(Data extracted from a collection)
....................
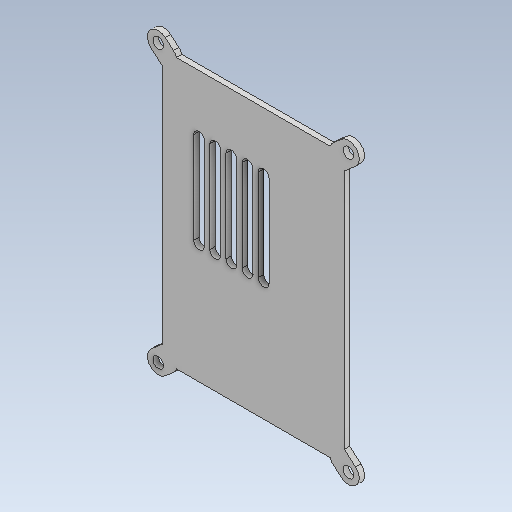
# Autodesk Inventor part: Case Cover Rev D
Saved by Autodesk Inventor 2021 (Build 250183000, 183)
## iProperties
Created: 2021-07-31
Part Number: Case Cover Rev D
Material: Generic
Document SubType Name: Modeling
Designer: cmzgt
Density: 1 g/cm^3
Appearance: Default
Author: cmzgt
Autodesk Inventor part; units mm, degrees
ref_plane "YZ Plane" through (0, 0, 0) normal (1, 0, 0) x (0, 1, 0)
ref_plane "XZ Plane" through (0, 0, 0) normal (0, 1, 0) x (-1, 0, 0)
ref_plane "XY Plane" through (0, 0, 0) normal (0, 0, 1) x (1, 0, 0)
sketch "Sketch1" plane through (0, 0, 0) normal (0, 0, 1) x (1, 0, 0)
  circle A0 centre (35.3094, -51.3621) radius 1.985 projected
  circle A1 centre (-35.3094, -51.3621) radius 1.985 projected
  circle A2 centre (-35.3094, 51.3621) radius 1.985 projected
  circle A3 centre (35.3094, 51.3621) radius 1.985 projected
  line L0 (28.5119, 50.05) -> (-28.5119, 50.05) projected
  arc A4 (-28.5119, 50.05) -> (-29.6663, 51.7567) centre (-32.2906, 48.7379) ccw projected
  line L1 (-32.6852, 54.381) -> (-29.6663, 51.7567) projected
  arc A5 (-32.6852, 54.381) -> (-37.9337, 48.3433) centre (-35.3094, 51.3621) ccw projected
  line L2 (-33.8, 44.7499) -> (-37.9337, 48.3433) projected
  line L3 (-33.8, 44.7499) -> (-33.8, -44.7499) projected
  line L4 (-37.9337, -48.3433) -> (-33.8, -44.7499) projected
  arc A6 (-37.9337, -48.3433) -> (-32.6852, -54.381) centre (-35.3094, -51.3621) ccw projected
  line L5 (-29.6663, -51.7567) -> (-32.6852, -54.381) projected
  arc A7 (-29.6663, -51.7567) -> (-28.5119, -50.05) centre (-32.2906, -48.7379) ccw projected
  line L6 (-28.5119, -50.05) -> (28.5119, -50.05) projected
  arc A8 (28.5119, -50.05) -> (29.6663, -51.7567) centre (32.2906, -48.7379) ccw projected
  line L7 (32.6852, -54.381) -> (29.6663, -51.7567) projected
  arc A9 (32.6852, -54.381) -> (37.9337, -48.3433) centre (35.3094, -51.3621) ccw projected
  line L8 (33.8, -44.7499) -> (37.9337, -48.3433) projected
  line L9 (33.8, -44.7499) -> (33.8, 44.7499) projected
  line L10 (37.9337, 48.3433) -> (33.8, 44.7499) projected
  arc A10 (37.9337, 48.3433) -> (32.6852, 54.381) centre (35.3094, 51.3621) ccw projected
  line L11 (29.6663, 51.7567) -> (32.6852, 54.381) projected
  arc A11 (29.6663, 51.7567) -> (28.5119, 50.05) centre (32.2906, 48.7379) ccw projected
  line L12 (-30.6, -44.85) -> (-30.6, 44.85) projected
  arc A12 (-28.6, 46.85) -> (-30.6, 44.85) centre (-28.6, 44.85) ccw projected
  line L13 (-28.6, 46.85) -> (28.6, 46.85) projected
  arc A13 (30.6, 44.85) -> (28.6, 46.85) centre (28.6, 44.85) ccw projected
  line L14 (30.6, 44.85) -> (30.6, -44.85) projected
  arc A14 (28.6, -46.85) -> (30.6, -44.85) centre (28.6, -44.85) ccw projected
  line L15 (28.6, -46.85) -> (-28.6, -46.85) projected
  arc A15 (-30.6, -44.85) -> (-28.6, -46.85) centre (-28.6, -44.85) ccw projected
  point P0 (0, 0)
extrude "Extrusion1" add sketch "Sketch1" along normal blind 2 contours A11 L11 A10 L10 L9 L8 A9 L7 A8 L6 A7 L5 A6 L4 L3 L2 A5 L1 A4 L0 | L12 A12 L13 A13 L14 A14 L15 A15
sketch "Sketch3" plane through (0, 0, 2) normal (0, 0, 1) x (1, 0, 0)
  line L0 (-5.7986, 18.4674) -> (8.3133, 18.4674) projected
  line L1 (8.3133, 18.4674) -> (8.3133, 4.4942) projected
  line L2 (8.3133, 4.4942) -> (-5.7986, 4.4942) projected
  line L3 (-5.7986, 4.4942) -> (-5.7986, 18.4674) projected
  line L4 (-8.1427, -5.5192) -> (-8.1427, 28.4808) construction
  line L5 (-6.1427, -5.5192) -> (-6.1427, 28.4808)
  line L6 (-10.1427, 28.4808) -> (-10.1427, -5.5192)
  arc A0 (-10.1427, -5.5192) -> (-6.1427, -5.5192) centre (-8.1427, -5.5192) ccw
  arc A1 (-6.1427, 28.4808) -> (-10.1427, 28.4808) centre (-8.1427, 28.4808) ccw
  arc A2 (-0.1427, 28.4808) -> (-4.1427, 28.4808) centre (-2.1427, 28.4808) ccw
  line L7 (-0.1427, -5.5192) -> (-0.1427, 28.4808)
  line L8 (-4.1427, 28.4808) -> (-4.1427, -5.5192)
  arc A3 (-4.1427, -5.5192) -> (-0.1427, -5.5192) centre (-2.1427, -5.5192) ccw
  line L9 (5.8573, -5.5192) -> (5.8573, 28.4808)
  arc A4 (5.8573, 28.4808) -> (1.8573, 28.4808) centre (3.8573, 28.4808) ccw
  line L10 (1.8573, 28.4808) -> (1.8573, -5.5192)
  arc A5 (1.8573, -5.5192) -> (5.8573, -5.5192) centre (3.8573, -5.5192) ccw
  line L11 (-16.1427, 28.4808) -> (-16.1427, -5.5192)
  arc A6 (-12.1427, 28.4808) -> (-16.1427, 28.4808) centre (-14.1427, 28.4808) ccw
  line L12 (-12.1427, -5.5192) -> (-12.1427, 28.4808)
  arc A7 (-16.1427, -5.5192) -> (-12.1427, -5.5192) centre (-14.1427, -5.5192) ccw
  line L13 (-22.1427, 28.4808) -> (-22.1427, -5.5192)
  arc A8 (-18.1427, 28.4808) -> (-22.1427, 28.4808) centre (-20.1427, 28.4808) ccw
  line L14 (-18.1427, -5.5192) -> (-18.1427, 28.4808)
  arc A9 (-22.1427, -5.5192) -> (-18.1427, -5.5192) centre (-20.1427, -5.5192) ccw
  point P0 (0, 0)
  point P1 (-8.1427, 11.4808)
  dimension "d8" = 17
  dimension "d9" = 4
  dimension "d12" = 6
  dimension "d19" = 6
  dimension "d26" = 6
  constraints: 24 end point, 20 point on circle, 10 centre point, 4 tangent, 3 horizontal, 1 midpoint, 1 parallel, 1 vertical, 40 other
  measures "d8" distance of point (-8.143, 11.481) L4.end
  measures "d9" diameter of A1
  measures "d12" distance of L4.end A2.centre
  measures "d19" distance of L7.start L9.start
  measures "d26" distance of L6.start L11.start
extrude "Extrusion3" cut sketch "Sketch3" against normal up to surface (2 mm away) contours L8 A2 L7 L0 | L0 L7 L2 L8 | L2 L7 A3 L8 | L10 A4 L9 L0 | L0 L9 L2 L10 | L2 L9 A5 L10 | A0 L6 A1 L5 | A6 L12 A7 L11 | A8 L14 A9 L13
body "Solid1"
....................
_TASK TO CARRY OUT_
Skip every picture and return the lines above from the top through the one that contains "0) x (-1, 0, 0)".

_RESULT OF THE EXERCISE_
# Autodesk Inventor part: Case Cover Rev D
Saved by Autodesk Inventor 2021 (Build 250183000, 183)
## iProperties
Created: 2021-07-31
Part Number: Case Cover Rev D
Material: Generic
Document SubType Name: Modeling
Designer: cmzgt
Density: 1 g/cm^3
Appearance: Default
Author: cmzgt
Autodesk Inventor part; units mm, degrees
ref_plane "YZ Plane" through (0, 0, 0) normal (1, 0, 0) x (0, 1, 0)
ref_plane "XZ Plane" through (0, 0, 0) normal (0, 1, 0) x (-1, 0, 0)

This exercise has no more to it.